◆ **Problem to solve**: Among the lines below, take the one holding "[Schedule:Week:Daily]", the one holding "res nv_1 avail schedule Week Rule - Feb26-Mar4: Schedule", and all lines between them. Set them down exactly.

(Records from a collection)
************
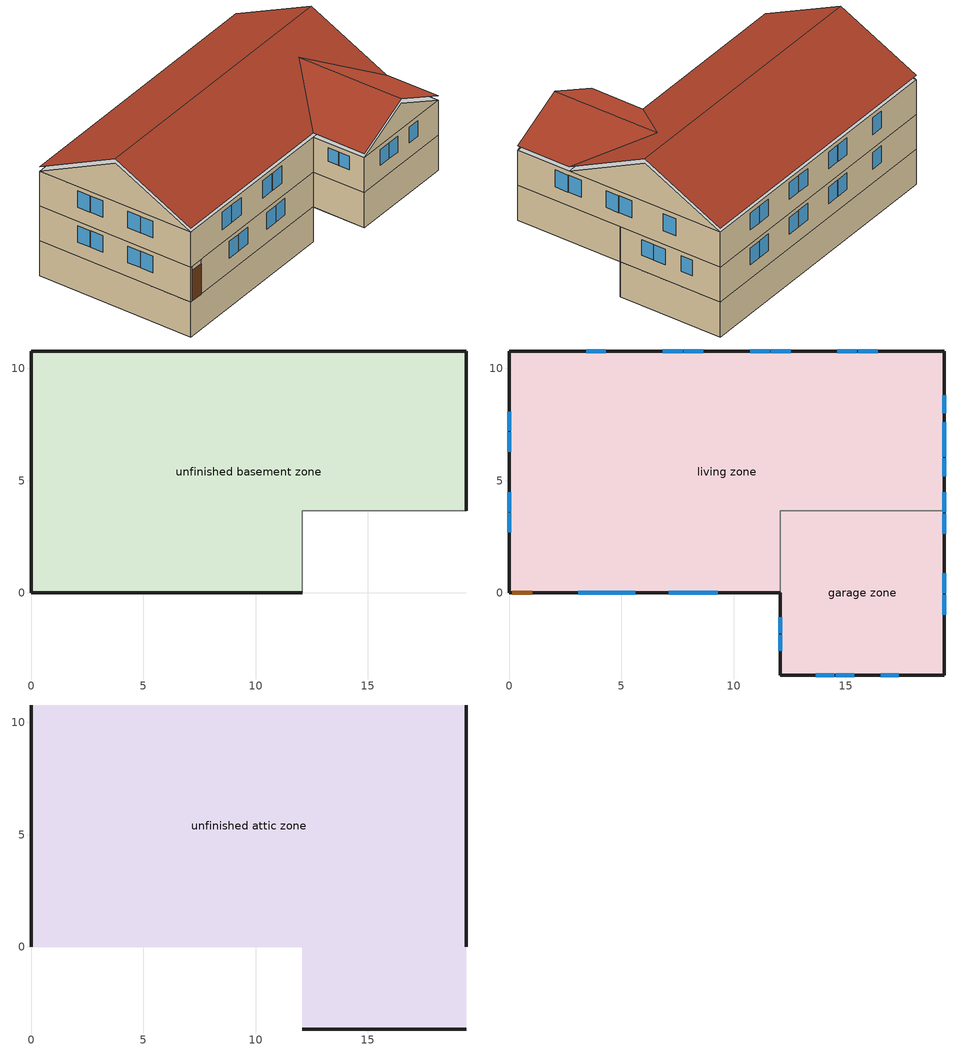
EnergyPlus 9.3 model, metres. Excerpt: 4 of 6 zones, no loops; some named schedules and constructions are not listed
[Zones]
unfinished basement zone
 floor foundation (FloorFndGrndUnfinB): 0,0 0,10.78 19.4,10.78 19.4,3.66 12.08,3.66 12.08,0 z-2.44
 wall foundation (WallFndGrndUnfinB): 19.4,3.66 19.4,10.78 0,10.78 0,0 12.08,0 z-2.44:0
 wall adiabatic (WallIntUnfinUninsUnfin): 12.08,0 12.08,3.66 19.4,3.66 z-2.44:0
garage zone
 floor foundation (FloorFndGrndUnfinSlab): 12.08,-3.66 12.08,3.66 19.4,3.66 19.4,-3.66 z0
 wall outside (WallExtUninsUnfin): 12.08,0 12.08,-3.66 19.4,-3.66 19.4,3.66 z0:2.44
 wall to living zone (WallIntFinInsUnfin Reversed): 19.4,3.66 12.08,3.66 12.08,0 z0:2.44
living zone
 floor to garage zone (FloorFinInsUnfin): 19.4,3.66 19.4,-3.66 12.08,-3.66 12.08,3.66 z2.44
 floor to unfinished basement zone (FloorUnfinBInsFin Reversed): 0,0 0,10.78 19.4,10.78 19.4,3.66 12.08,3.66 12.08,0 z0
 wall outside (WallExtInsFin): 19.4,3.66 19.4,10.78 0,10.78 0,0 0.13,0 1.05,0 12.08,0 z0:2.44; 0,10.78 0,0 12.08,0 12.08,-3.66 19.4,-3.66 19.4,10.78 0,10.78 z2.44:4.88
 window (WindowConstruction): 19.4,5.19 19.4,6 / 19.4,6.06 19.4,6.87 / 19.4,8 19.4,8.81 z1.06:2.13; 3.82,0 4.7,0 / 4.76,0 5.63,0 / 7.5,0 8.37,0 / 8.43,0 9.31,0 / 16.42,10.78 15.55,10.78 / 15.49,10.78 14.62,10.78 / 12.54,10.78 11.67,10.78 / 11.61,10.78 10.74,10.78 / 8.66,10.78 7.79,10.78 / 7.73,10.78 6.86,10.78 / 4.32,10.78 3.44,10.78 z0.97:2.13; 0,8.07 0,7.21 / 0,7.15 0,6.29 / 0,4.48 0,3.62 / 0,3.56 0,2.7 z3.43:4.57; 16.42,10.78 15.55,10.78 / 15.49,10.78 14.62,10.78 / 12.54,10.78 11.67,10.78 / 11.61,10.78 10.74,10.78 / 8.66,10.78 7.79,10.78 / 7.73,10.78 6.86,10.78 / 4.32,10.78 3.44,10.78 z3.41:4.57; 19.4,-0.97 19.4,-0.08 / 19.4,-0.02 19.4,0.87 / 19.4,2.64 19.4,3.53 / 19.4,3.59 19.4,4.48 / 19.4,6.72 19.4,7.61 z3.39:4.57; 13.67,-3.66 14.49,-3.66 / 14.55,-3.66 15.37,-3.66 / 16.55,-3.66 17.37,-3.66 z3.48:4.57; 12.08,-1.09 12.08,-1.8 / 12.08,-1.86 12.08,-2.57 z3.63:4.57; 3.08,0 4,0 / 4.06,0 4.97,0 / 7.11,0 8.02,0 / 8.09,0 9,0 z3.36:4.57; 0,8.07 0,7.21 / 0,7.15 0,6.29 / 0,4.48 0,3.62 / 0,3.56 0,2.7 z0.99:2.13
 door (Door): 0.15,0 1.02,0 z0:2.13
unfinished attic zone
 floor to living zone (FloorFinInsUnfinAttic): 19.4,10.78 19.4,0 0,0 0,10.78 z4.88; 12.08,-3.66 12.08,0 19.4,0 19.4,-3.66 z4.88
 wall outside (WallExtUninsUnfin): 0,5.39,7.57 0,10.78,4.88 0,0,4.88; 19.4,5.39,7.57 19.4,0,4.88 19.4,10.78,4.88; 12.08,-3.66,4.88 19.4,-3.66,4.88 15.74,-3.66,6.71
 roof outside (RoofUnfinInsExt): 0,5.39,7.88 19.4,5.39,7.88 19.4,10.78,5.18 0,10.78,5.18; 12.08,0,5.18 12.08,-3.66,5.18 15.74,-3.66,7.01 15.74,3.66,7.01; 19.4,0,5.18 15.74,3.66,7.01 15.74,-3.66,7.01 19.4,-3.66,5.18; 0,5.39,7.88 0,0,5.18 12.08,0,5.18 15.74,3.66,7.01 19.4,0,5.18 19.4,5.39,7.88
[Schedule:Week:Daily]
res nv_1 avail schedule Week Rule - Jan29-Feb4: Schedule Day 68, res nv_1 availability schedule allday1 on, Schedule Day 68, res nv_1 availability schedule allday1 on 1, Schedule Day 68, res nv_1 availability schedule allday1 on 1, Schedule Day 68, Schedule Day 68, Schedule Day 68, Schedule Day 68, Schedule Day 68, Schedule Day 68
res nv_1 avail schedule Week Rule - Feb5-Feb25: Schedule Day 68, res nv_1 availability schedule allday1 on 1, Schedule Day 68, res nv_1 availability schedule allday1 on 1, Schedule Day 68, res nv_1 availability schedule allday1 on 1, Schedule Day 68, Schedule Day 68, Schedule Day 68, Schedule Day 68, Schedule Day 68, Schedule Day 68
res nv_1 avail schedule Week Rule - Feb26-Mar4: Schedule Day 68, res nv_1 availability schedule allday1 on 1, Schedule Day 68, res nv_1 availability schedule allday1 on 2, Schedule Day 68, res nv_1 availability schedule allday1 on 2, Schedule Day 68, Schedule Day 68, Schedule Day 68, Schedule Day 68, Schedule Day 68, Schedule Day 68
res nv_1 avail schedule Week Rule - Mar5-Apr1: Schedule Day 68, res nv_1 availability schedule allday1 on 2, Schedule Day 68, res nv_1 availability schedule allday1 on 2, Schedule Day 68, res nv_1 availability schedule allday1 on 2, Schedule Day 68, Schedule Day 68, Schedule Day 68, Schedule Day 68, Schedule Day 68, Schedule Day 68
res nv_1 avail schedule Week Rule - Apr2-Apr29: Schedule Day 68, res nv_1 availability schedule allday1 on 3, Schedule Day 68, res nv_1 availability schedule allday1 on 3, Schedule Day 68, res nv_1 availability schedule allday1 on 3, Schedule Day 68, Schedule Day 68, Schedule Day 68, Schedule Day 68, Schedule Day 68, Schedule Day 68
res nv_1 avail schedule Week Rule - Apr30-May27: Schedule Day 68, res nv_1 availability schedule allday1 on 4, Schedule Day 68, res nv_1 availability schedule allday1 on 4, Schedule Day 68, res nv_1 availability schedule allday1 on 4, Schedule Day 68, Schedule Day 68, Schedule Day 68, Schedule Day 68, Schedule Day 68, Schedule Day 68
res nv_1 avail schedule Week Rule - May28-Jun3: Schedule Day 68, res nv_1 availability schedule allday1 on 4, Schedule Day 68, res nv_1 availability schedule allday1 on 4, Schedule Day 68, res nv_1 availability schedule allday1 on 5, Schedule Day 68, Schedule Day 68, Schedule Day 68, Schedule Day 68, Schedule Day 68, Schedule Day 68
res nv_1 avail schedule Week Rule - Jun4-Jul1: Schedule Day 68, res nv_1 availability schedule allday1 on 5, Schedule Day 68, res nv_1 availability schedule allday1 on 5, Schedule Day 68, res nv_1 availability schedule allday1 on 5, Schedule Day 68, Schedule Day 68, Schedule Day 68, Schedule Day 68, Schedule Day 68, Schedule Day 68
res nv_1 avail schedule Week Rule - Jul2-Jul29: Schedule Day 68, res nv_1 availability schedule allday1 on 6, Schedule Day 68, res nv_1 availability schedule allday1 on 6, Schedule Day 68, res nv_1 availability schedule allday1 on 6, Schedule Day 68, Schedule Day 68, Schedule Day 68, Schedule Day 68, Schedule Day 68, Schedule Day 68
res nv_1 avail schedule Week Rule - Jul30-Aug5: Schedule Day 68, res nv_1 availability schedule allday1 on 6, Schedule Day 68, res nv_1 availability schedule allday1 on 7, Schedule Day 68, res nv_1 availability schedule allday1 on 7, Schedule Day 68, Schedule Day 68, Schedule Day 68, Schedule Day 68, Schedule Day 68, Schedule Day 68
res nv_1 avail schedule Week Rule - Aug6-Aug26: Schedule Day 68, res nv_1 availability schedule allday1 on 7, Schedule Day 68, res nv_1 availability schedule allday1 on 7, Schedule Day 68, res nv_1 availability schedule allday1 on 7, Schedule Day 68, Schedule Day 68, Schedule Day 68, Schedule Day 68, Schedule Day 68, Schedule Day 68
res nv_1 avail schedule Week Rule - Aug27-Sep2: Schedule Day 68, res nv_1 availability schedule allday1 on 7, Schedule Day 68, res nv_1 availability schedule allday1 on 7, Schedule Day 68, res nv_1 availability schedule allday1 on 8, Schedule Day 68, Schedule Day 68, Schedule Day 68, Schedule Day 68, Schedule Day 68, Schedule Day 68
res nv_1 avail schedule Week Rule - Sep3-Sep30: Schedule Day 68, res nv_1 availability schedule allday1 on 8, Schedule Day 68, res nv_1 availability schedule allday1 on 8, Schedule Day 68, res nv_1 availability schedule allday1 on 8, Schedule Day 68, Schedule Day 68, Schedule Day 68, Schedule Day 68, Schedule Day 68, Schedule Day 68
res nv_1 avail schedule Week Rule - Oct1-Oct28: Schedule Day 68, res nv_1 availability schedule allday1 on 9, Schedule Day 68, res nv_1 availability schedule allday1 on 9, Schedule Day 68, res nv_1 availability schedule allday1 on 9, Schedule Day 68, Schedule Day 68, Schedule Day 68, Schedule Day 68, Schedule Day 68, Schedule Day 68
res nv_1 avail schedule Week Rule - Oct29-Nov4: Schedule Day 68, res nv_1 availability schedule allday1 on 9, Schedule Day 68, res nv_1 availability schedule allday1 on 10, Schedule Day 68, res nv_1 availability schedule allday1 on 10, Schedule Day 68, Schedule Day 68, Schedule Day 68, Schedule Day 68, Schedule Day 68, Schedule Day 68
res nv_1 avail schedule Week Rule - Nov5-Nov25: Schedule Day 68, res nv_1 availability schedule allday1 on 10, Schedule Day 68, res nv_1 availability schedule allday1 on 10, Schedule Day 68, res nv_1 availability schedule allday1 on 10, Schedule Day 68, Schedule Day 68, Schedule Day 68, Schedule Day 68, Schedule Day 68, Schedule Day 68
res nv_1 avail schedule Week Rule - Nov26-Dec2: Schedule Day 68, res nv_1 availability schedule allday1 on 10, Schedule Day 68, res nv_1 availability schedule allday1 on 10, Schedule Day 68, res nv_1 availability schedule allday1 on 11, Schedule Day 68, Schedule Day 68, Schedule Day 68, Schedule Day 68, Schedule Day 68, Schedule Day 68
res nv_1 avail schedule Week Rule - Dec3-Dec31: Schedule Day 68, res nv_1 availability schedule allday1 on 11, Schedule Day 68, res nv_1 availability schedule allday1 on 11, Schedule Day 68, res nv_1 availability schedule allday1 on 11, Schedule Day 68, Schedule Day 68, Schedule Day 68, Schedule Day 68, Schedule Day 68, Schedule Day 68
res nv_1 temp schedule Week Rule - Jan1-Jan28: res nv_1 temp schedule allday1, res nv_1 temp schedule allday1, res nv_1 temp schedule allday1, res nv_1 temp schedule allday1, res nv_1 temp schedule allday1, res nv_1 temp schedule allday1, res nv_1 temp schedule allday1, Schedule Day 67, Schedule Day 67, Schedule Day 67, Schedule Day 67, Schedule Day 67
res nv_1 temp schedule Week Rule - Jan29-Feb4: res nv_1 temp schedule allday1, res nv_1 temp schedule allday1, res nv_1 temp schedule allday1, res nv_1 temp schedule allday2, res nv_1 temp schedule allday2, res nv_1 temp schedule allday2, res nv_1 temp schedule allday2, Schedule Day 67, Schedule Day 67, Schedule Day 67, Schedule Day 67, Schedule Day 67
res nv_1 temp schedule Week Rule - Feb5-Feb25: res nv_1 temp schedule allday2, res nv_1 temp schedule allday2, res nv_1 temp schedule allday2, res nv_1 temp schedule allday2, res nv_1 temp schedule allday2, res nv_1 temp schedule allday2, res nv_1 temp schedule allday2, Schedule Day 67, Schedule Day 67, Schedule Day 67, Schedule Day 67, Schedule Day 67
res nv_1 temp schedule Week Rule - Feb26-Mar4: res nv_1 temp schedule allday2, res nv_1 temp schedule allday2, res nv_1 temp schedule allday2, res nv_1 temp schedule allday3, res nv_1 temp schedule allday3, res nv_1 temp schedule allday3, res nv_1 temp schedule allday3, Schedule Day 67, Schedule Day 67, Schedule Day 67, Schedule Day 67, Schedule Day 67
res nv_1 temp schedule Week Rule - Mar5-Mar25: res nv_1 temp schedule allday3, res nv_1 temp schedule allday3, res nv_1 temp schedule allday3, res nv_1 temp schedule allday3, res nv_1 temp schedule allday3, res nv_1 temp schedule allday3, res nv_1 temp schedule allday3, Schedule Day 67, Schedule Day 67, Schedule Day 67, Schedule Day 67, Schedule Day 67
res nv_1 temp schedule Week Rule - Mar26-Apr1: res nv_1 temp schedule allday3, res nv_1 temp schedule allday3, res nv_1 temp schedule allday3, res nv_1 temp schedule allday3, res nv_1 temp schedule allday3, res nv_1 temp schedule allday3, res nv_1 temp schedule allday4, Schedule Day 67, Schedule Day 67, Schedule Day 67, Schedule Day 67, Schedule Day 67
res nv_1 temp schedule Week Rule - Apr2-Apr29: res nv_1 temp schedule allday4, res nv_1 temp schedule allday4, res nv_1 temp schedule allday4, res nv_1 temp schedule allday4, res nv_1 temp schedule allday4, res nv_1 temp schedule allday4, res nv_1 temp schedule allday4, Schedule Day 67, Schedule Day 67, Schedule Day 67, Schedule Day 67, Schedule Day 67
res nv_1 temp schedule Week Rule - Apr30-May6: res nv_1 temp schedule allday4, res nv_1 temp schedule allday5, res nv_1 temp schedule allday5, res nv_1 temp schedule allday5, res nv_1 temp schedule allday5, res nv_1 temp schedule allday5, res nv_1 temp schedule allday5, Schedule Day 67, Schedule Day 67, Schedule Day 67, Schedule Day 67, Schedule Day 67
res nv_1 temp schedule Week Rule - May7-May27: res nv_1 temp schedule allday5, res nv_1 temp schedule allday5, res nv_1 temp schedule allday5, res nv_1 temp schedule allday5, res nv_1 temp schedule allday5, res nv_1 temp schedule allday5, res nv_1 temp schedule allday5, Schedule Day 67, Schedule Day 67, Schedule Day 67, Schedule Day 67, Schedule Day 67
res nv_1 temp schedule Week Rule - May28-Jun3: res nv_1 temp schedule allday5, res nv_1 temp schedule allday5, res nv_1 temp schedule allday5, res nv_1 temp schedule allday5, res nv_1 temp schedule allday6, res nv_1 temp schedule allday6, res nv_1 temp schedule allday6, Schedule Day 67, Schedule Day 67, Schedule Day 67, Schedule Day 67, Schedule Day 67
res nv_1 temp schedule Week Rule - Jun4-Jun24: res nv_1 temp schedule allday6, res nv_1 temp schedule allday6, res nv_1 temp schedule allday6, res nv_1 temp schedule allday6, res nv_1 temp schedule allday6, res nv_1 temp schedule allday6, res nv_1 temp schedule allday6, Schedule Day 67, Schedule Day 67, Schedule Day 67, Schedule Day 67, Schedule Day 67
res nv_1 temp schedule Week Rule - Jun25-Jul1: res nv_1 temp schedule allday6, res nv_1 temp schedule allday6, res nv_1 temp schedule allday6, res nv_1 temp schedule allday6, res nv_1 temp schedule allday6, res nv_1 temp schedule allday6, res nv_1 temp schedule allday7, Schedule Day 67, Schedule Day 67, Schedule Day 67, Schedule Day 67, Schedule Day 67
res nv_1 temp schedule Week Rule - Jul2-Jul29: res nv_1 temp schedule allday7, res nv_1 temp schedule allday7, res nv_1 temp schedule allday7, res nv_1 temp schedule allday7, res nv_1 temp schedule allday7, res nv_1 temp schedule allday7, res nv_1 temp schedule allday7, Schedule Day 67, Schedule Day 67, Schedule Day 67, Schedule Day 67, Schedule Day 67
res nv_1 temp schedule Week Rule - Jul30-Aug5: res nv_1 temp schedule allday7, res nv_1 temp schedule allday7, res nv_1 temp schedule allday8, res nv_1 temp schedule allday8, res nv_1 temp schedule allday8, res nv_1 temp schedule allday8, res nv_1 temp schedule allday8, Schedule Day 67, Schedule Day 67, Schedule Day 67, Schedule Day 67, Schedule Day 67
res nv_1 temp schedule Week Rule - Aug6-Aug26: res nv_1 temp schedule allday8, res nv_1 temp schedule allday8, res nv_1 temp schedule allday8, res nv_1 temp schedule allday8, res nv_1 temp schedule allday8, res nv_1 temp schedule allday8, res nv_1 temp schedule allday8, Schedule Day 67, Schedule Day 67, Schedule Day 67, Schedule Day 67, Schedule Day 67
************
◆ **Answer for the task**:
[Schedule:Week:Daily]
res nv_1 avail schedule Week Rule - Jan29-Feb4: Schedule Day 68, res nv_1 availability schedule allday1 on, Schedule Day 68, res nv_1 availability schedule allday1 on 1, Schedule Day 68, res nv_1 availability schedule allday1 on 1, Schedule Day 68, Schedule Day 68, Schedule Day 68, Schedule Day 68, Schedule Day 68, Schedule Day 68
res nv_1 avail schedule Week Rule - Feb5-Feb25: Schedule Day 68, res nv_1 availability schedule allday1 on 1, Schedule Day 68, res nv_1 availability schedule allday1 on 1, Schedule Day 68, res nv_1 availability schedule allday1 on 1, Schedule Day 68, Schedule Day 68, Schedule Day 68, Schedule Day 68, Schedule Day 68, Schedule Day 68
res nv_1 avail schedule Week Rule - Feb26-Mar4: Schedule Day 68, res nv_1 availability schedule allday1 on 1, Schedule Day 68, res nv_1 availability schedule allday1 on 2, Schedule Day 68, res nv_1 availability schedule allday1 on 2, Schedule Day 68, Schedule Day 68, Schedule Day 68, Schedule Day 68, Schedule Day 68, Schedule Day 68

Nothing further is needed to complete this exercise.